Tools are needed to bypass all restrictions on the use of information. The Internet does not make government intervention illegitimate. But this makes them ineffective or at least difficult to handle.

Today, a large departure from the limitations that previous technologies did not allow is possible. This is not the first time in history that technology has ignored legal norms.

In practice, however, service and content providers locate their activities in regions where standards are imposed that best suit their preferences. The Internet tends to organize conflicts and direct competition between these standards.

Competition between standards can therefore lead to alignment on the lowest common denominator. For example, there is a decision on e-commerce tax exemption.

This territoriality is limited to certain activities. (For example, when it comes to e-commerce of material resources)

But this competition affects all standards related to content. It is a broad field, from the use of intellectual property rights to the protection of personal data.

The effect of this competition for rights to everything related to information activities creates principles of common law. Despite the possibility of defining international conventions, it carries deep instability in existing legal systems.
Tax regulations explain the reasons for the development of common restrictive standards. States are always willing not to adhere to these international standards which limit their effectiveness in promoting economic development.

On the other hand, the possibility of agreeing on precise standards beyond a few basic principles is limited. Because different rights reflect sometimes conflicting understandings of historical and philosophical traditions.

The probability of reaching operational agreements on standards that will be applied at the international level is relatively low, as evidenced by the differences in freedom of expression or use of personal data between Europeans and Americans.

Intersectoral network

The Internet is a technological platform for exchange. It also includes the distinction between agreements between telecommunications, audiovisual services, printing, for the storage and processing of all information, regardless of its form and content.

Publishing, etc., which the previous technological foundations had to impose. is also questioned.

For example, the differentiation of regulations in telecommunications and the audiovisual field is largely explained by the differentiated economics of different technical networks that did not have the same functionality or the same cost constraints.

The granting of licenses to work in the audiovisual sector is justified by the limitation of managing a rare resource, which is the radio frequency.
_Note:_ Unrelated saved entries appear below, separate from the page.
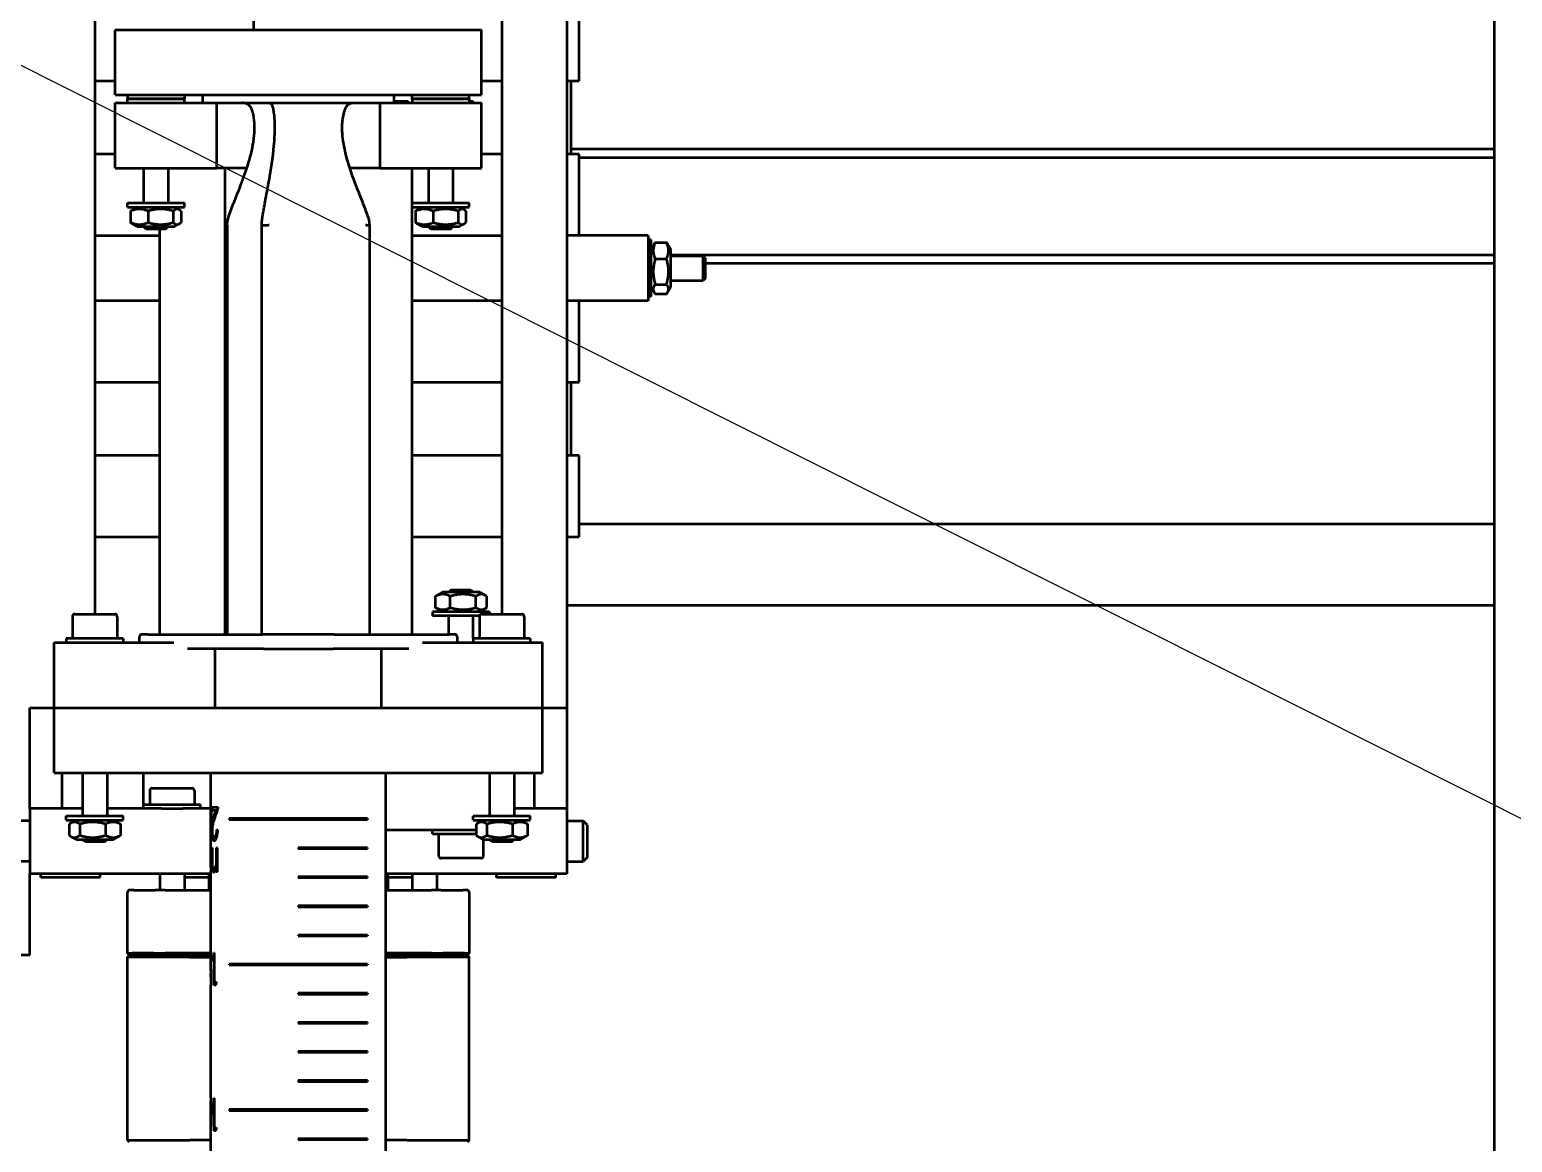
# Model space of a CAD drawing. Header units: millimetres. Extents: x 0 to 2625, y 0 to 1856.
# Drawn here: x 522.1 to 704.3, y 1402.4 to 1539.1 of the extents above; entities that cross this region are included whole.
import ezdxf

# ---------------------------------------------------------------- set-up
doc = ezdxf.new("R2010")
doc.units = ezdxf.units.MM
doc.header["$LTSCALE"] = 6.25
doc.layers.add('Symbol (ISO)', color=7, linetype='Continuous', lineweight=25)
doc.layers.add('Visible (ISO)', color=7, linetype='Continuous', lineweight=50)
doc.styles.add('Note Text (ISO)', font='tahoma.ttf')
doc.dimstyles.new('Default - Method 1b (ISO)$7', dxfattribs={"dimscale": 6.25, "dimtxt": 3.5, "dimasz": 2.5, "dimexe": 3.175, "dimexo": 0, "dimgap": 0.762, "dimtad": 1, "dimtoh": 1, "dimrnd": 1e-08, "dimtxsty": 'Note Text (ISO)', "dimcen": 0.09, "dimdle": 10, "dimclrd": 256, "dimclre": 256, "dimclrt": 256, "dimazin": 2, "dimtfac": 1, "dimtmove": 0, "dimatfit": 3, "dimfxl": 1, "dimtolj": 1, "dimlwd": -1, "dimlwe": -1, "dimarcsym": 0})

msp = doc.modelspace()

# ---------------------------------------------------------------- linework, layer by layer
at = {"layer": 'Visible (ISO)'}
for p, q in [((530.14, 1610.76), (530.14, 1467.26)), ((588.14, 1610.76), (588.14, 1455.76)), ((702.04, 1609.06), (702.04, 1269.06)), ((580.14, 1608.26), (580.14, 1467.26)), ((549.64, 1542.21), (549.64, 1539.06)), ((589.64, 1532.76), (589.64, 1542.76)), ((532.64, 1539.06), (577.64, 1539.06)), ((532.64, 1531.06), (532.64, 1539.06)), ((577.64, 1531.06), (577.64, 1539.06)), ((530.14, 1532.76), (532.64, 1532.76)), ((577.64, 1532.76), (580.14, 1532.76)), ((588.14, 1532.76), (589.64, 1532.76)), ((588.64, 1532.76), (588.64, 1523.76)), ((532.64, 1531.06), (577.64, 1531.06)), ((534.14, 1531.06), (534.14, 1530.56)), ((534.14, 1530.56), (541.14, 1530.56)), ((534.14, 1530.06), (534.14, 1530.56)), ((541.14, 1530.56), (534.14, 1530.56)), ((541.14, 1531.06), (541.14, 1530.56)), ((541.14, 1530.06), (541.14, 1530.56)), ((543.39, 1530.96), (543.39, 1530.16)), ((566.89, 1530.96), (566.89, 1530.16)), ((566.89, 1530.27), (568.64, 1530.27)), ((568.64, 1530.06), (568.64, 1530.27)), ((569.14, 1530.56), (569.14, 1531.06)), ((569.14, 1530.56), (576.14, 1530.56)), ((576.14, 1530.56), (569.14, 1530.56)), ((569.14, 1530.56), (569.14, 1530.06)), ((576.14, 1530.56), (576.14, 1531.06)), ((576.14, 1530.56), (576.14, 1530.06)), ((576.14, 1530.27), (576.64, 1530.27)), ((576.64, 1530.06), (576.64, 1530.27)), ((532.64, 1530.06), (545.14, 1530.06)), ((532.64, 1522.06), (532.64, 1530.06)), ((545.14, 1530.06), (565.14, 1530.06)), ((545.14, 1522.06), (545.14, 1530.06)), ((565.14, 1530.06), (565.14, 1522.06)), ((565.14, 1530.06), (577.64, 1530.06)), ((577.64, 1522.06), (577.64, 1530.06)), ((532.64, 1523.76), (530.14, 1523.76)), ((580.14, 1523.76), (577.64, 1523.76)), ((589.64, 1523.76), (588.14, 1523.76)), ((702.04, 1524.36), (588.64, 1524.36)), ((589.64, 1513.76), (589.64, 1523.76)), ((589.64, 1523.36), (702.04, 1523.36)), ((532.64, 1522.06), (545.14, 1522.06)), ((536.14, 1522.06), (536.14, 1517.77)), ((539.14, 1522.06), (539.14, 1517.77)), ((548.84, 1522.06), (545.14, 1522.06)), ((546.14, 1464.76), (546.14, 1522.06)), ((565.14, 1522.06), (561.44, 1522.06)), ((565.14, 1522.06), (577.64, 1522.06)), ((569.14, 1517.77), (569.14, 1522.06)), ((571.14, 1522.06), (571.14, 1517.77)), ((574.14, 1522.06), (574.14, 1517.77)), ((534.14, 1517.77), (541.14, 1517.77)), ((534.14, 1517.27), (534.14, 1517.77)), ((541.14, 1517.27), (541.14, 1517.77)), ((569.14, 1517.77), (576.14, 1517.77)), ((569.14, 1517.27), (569.14, 1517.77)), ((576.14, 1517.27), (576.14, 1517.77)), ((534.14, 1517.27), (541.14, 1517.27)), ((534.54, 1516.77), (534.54, 1515.38)), ((535.34, 1517.27), (534.75, 1516.93)), ((536.68, 1516.77), (536.68, 1515.38)), ((539.78, 1516.77), (539.78, 1515.38)), ((539.94, 1517.27), (540.52, 1516.93)), ((540.74, 1516.77), (540.74, 1515.38)), ((569.14, 1464.76), (569.14, 1517.27)), ((569.14, 1517.27), (576.14, 1517.27)), ((569.54, 1516.77), (569.54, 1515.38)), ((570.34, 1517.27), (569.76, 1516.94)), ((571.71, 1516.77), (571.71, 1515.38)), ((574.8, 1516.77), (574.8, 1515.38)), ((574.94, 1517.27), (575.51, 1516.94)), ((575.73, 1516.77), (575.73, 1515.38)), ((530.14, 1513.76), (538.14, 1513.76)), ((535.34, 1514.87), (534.75, 1515.21)), ((535.34, 1514.87), (539.94, 1514.87)), ((536.44, 1514.56), (536.14, 1514.87)), ((538.83, 1514.56), (536.44, 1514.56)), ((538.14, 1464.76), (538.14, 1514.56)), ((538.83, 1514.56), (539.14, 1514.87)), ((539.94, 1514.87), (540.52, 1515.21)), ((546.39, 1513.76), (546.14, 1513.76)), ((546.14, 1513.76), (546.39, 1513.76)), ((546.44, 1515.06), (546.39, 1515.06)), ((546.39, 1515.06), (546.39, 1464.76)), ((546.45, 1515.06), (546.44, 1515.06)), ((550.7, 1515.06), (550.64, 1515.06)), ((550.64, 1515.06), (550.64, 1464.76)), ((550.7, 1515.06), (551.06, 1515.06)), ((551.06, 1515.06), (551.42, 1515.06)), ((551.56, 1515.06), (551.42, 1515.06)), ((551.56, 1515.06), (551.56, 1515.06)), ((563.4, 1515.06), (563.39, 1515.06)), ((563.53, 1515.06), (563.4, 1515.06)), ((563.53, 1515.06), (563.7, 1515.06)), ((563.7, 1515.06), (563.88, 1515.06)), ((563.89, 1515.06), (563.88, 1515.06)), ((563.89, 1515.06), (563.89, 1464.76)), ((569.14, 1513.76), (580.14, 1513.76)), ((570.34, 1514.87), (569.76, 1515.2)), ((570.34, 1514.87), (574.94, 1514.87)), ((571.44, 1514.56), (571.14, 1514.87)), ((573.83, 1514.56), (571.44, 1514.56)), ((573.83, 1514.56), (574.14, 1514.87)), ((574.94, 1514.87), (575.51, 1515.2)), ((598.14, 1513.76), (588.14, 1513.76)), ((598.14, 1513.76), (598.14, 1505.76)), ((598.49, 1513.26), (598.14, 1513.26)), ((598.49, 1506.26), (598.49, 1513.26)), ((598.49, 1512.06), (598.86, 1512.71)), ((598.86, 1512.71), (598.91, 1512.78)), ((598.99, 1512.92), (600.38, 1512.92)), ((598.99, 1512.9), (600.38, 1512.9)), ((600.51, 1512.71), (600.47, 1512.78)), ((600.89, 1512.06), (600.51, 1512.71)), ((600.89, 1507.46), (600.89, 1512.06)), ((598.99, 1510.9), (600.38, 1510.9)), ((702.04, 1511.36), (600.89, 1511.36)), ((600.89, 1511.26), (604.89, 1511.26)), ((604.89, 1508.26), (604.89, 1511.26)), ((605.14, 1511.01), (604.89, 1511.26)), ((605.14, 1511.01), (605.14, 1508.51)), ((605.14, 1510.36), (702.04, 1510.36)), ((600.89, 1508.26), (604.89, 1508.26)), ((605.14, 1508.51), (604.89, 1508.26)), ((598.49, 1507.46), (598.86, 1506.81)), ((598.86, 1506.81), (598.91, 1506.73)), ((598.99, 1507.77), (600.38, 1507.77)), ((598.99, 1506.62), (600.38, 1506.62)), ((598.99, 1506.6), (600.38, 1506.6)), ((600.51, 1506.81), (600.47, 1506.73)), ((600.89, 1507.46), (600.51, 1506.81)), ((538.14, 1505.76), (530.14, 1505.76)), ((546.14, 1505.76), (546.39, 1505.76)), ((546.39, 1505.76), (546.14, 1505.76)), ((580.14, 1505.76), (569.14, 1505.76)), ((598.14, 1505.76), (588.14, 1505.76)), ((589.64, 1495.76), (589.64, 1505.76)), ((598.49, 1506.26), (598.14, 1506.26)), ((530.14, 1495.76), (538.14, 1495.76)), ((569.14, 1495.76), (580.14, 1495.76)), ((588.14, 1495.76), (589.64, 1495.76)), ((588.64, 1495.76), (588.64, 1486.76)), ((538.14, 1486.76), (530.14, 1486.76)), ((580.14, 1486.76), (569.14, 1486.76)), ((589.64, 1486.76), (588.14, 1486.76)), ((589.64, 1476.76), (589.64, 1486.76)), ((589.64, 1478.36), (702.04, 1478.36)), ((530.14, 1476.76), (538.14, 1476.76)), ((569.14, 1476.76), (580.14, 1476.76)), ((588.14, 1476.76), (589.64, 1476.76)), ((573.94, 1470.26), (573.64, 1469.95)), ((573.94, 1470.26), (576.33, 1470.26)), ((576.33, 1470.26), (576.64, 1469.95)), ((571.98, 1468.06), (571.98, 1469.45)), ((572.84, 1469.95), (572.11, 1469.53)), ((577.44, 1469.95), (572.84, 1469.95)), ((573.81, 1468.06), (573.81, 1469.45)), ((576.97, 1468.06), (576.97, 1469.45)), ((577.44, 1469.95), (578.16, 1469.53)), ((578.3, 1468.06), (578.3, 1469.45)), ((588.14, 1468.36), (702.04, 1468.36)), ((527.39, 1466.96), (527.39, 1464.26)), ((527.69, 1467.26), (532.59, 1467.26)), ((532.89, 1466.96), (532.89, 1464.26)), ((578.64, 1467.55), (571.64, 1467.55)), ((571.64, 1467.55), (571.64, 1467.05)), ((577.4, 1467.05), (571.64, 1467.05)), ((572.84, 1467.55), (572.11, 1467.97)), ((573.64, 1464.76), (573.64, 1467.05)), ((576.64, 1464.26), (576.64, 1467.05)), ((577.39, 1466.96), (577.39, 1464.26)), ((577.44, 1467.55), (578.16, 1467.97)), ((577.69, 1467.26), (582.59, 1467.26)), ((578.64, 1467.55), (578.64, 1467.26)), ((582.89, 1466.96), (582.89, 1464.26)), ((535.64, 1463.76), (535.64, 1464.51)), ((536.69, 1464.76), (535.89, 1464.76)), ((536.69, 1464.76), (550.72, 1464.76)), ((559.55, 1464.76), (550.72, 1464.76)), ((559.55, 1464.76), (573.59, 1464.76)), ((574.39, 1464.76), (573.59, 1464.76)), ((574.64, 1464.51), (574.64, 1463.76)), ((525.14, 1463.76), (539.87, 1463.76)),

Definition of a regional network
Regional network staff
network for regeneration
European Register of Charities
local non-governmental organizations
European Youth Foundation
non-governmental youth organization

The differentiation of legislation in terms of content control between the audiovisual and the written word is caused by the technical difficulties of organizing filtering in the mass media according to recipients.

Today, the transmission of Internet, telephone, radio and television, etc. Circumvention options are still limited because traditional network services such as Therefore, current regulations remain applicable.

The fact is that the development of high-speed Internet and a series of complementary technologies, such as electronic books (e-books) or print-on-demand techniques, will transform the Internet into a potential medium for the dissemination and exploitation of the most information. happy.

This technical change will have two types of impact:

• First, make traditional regulations partially dysfunctional
• Second, make some regulations partially illegitimate.

Regarding the territoriality issues mentioned above, the destabilization of the existing regulatory framework is not only due to the possibility of overcoming them.

It also results from the removal of certain restrictions. For example, there is a need to manage a limited hertz spectrum for broadcasting audiovisual programs or to enable a distribution network for cultural products connecting a region.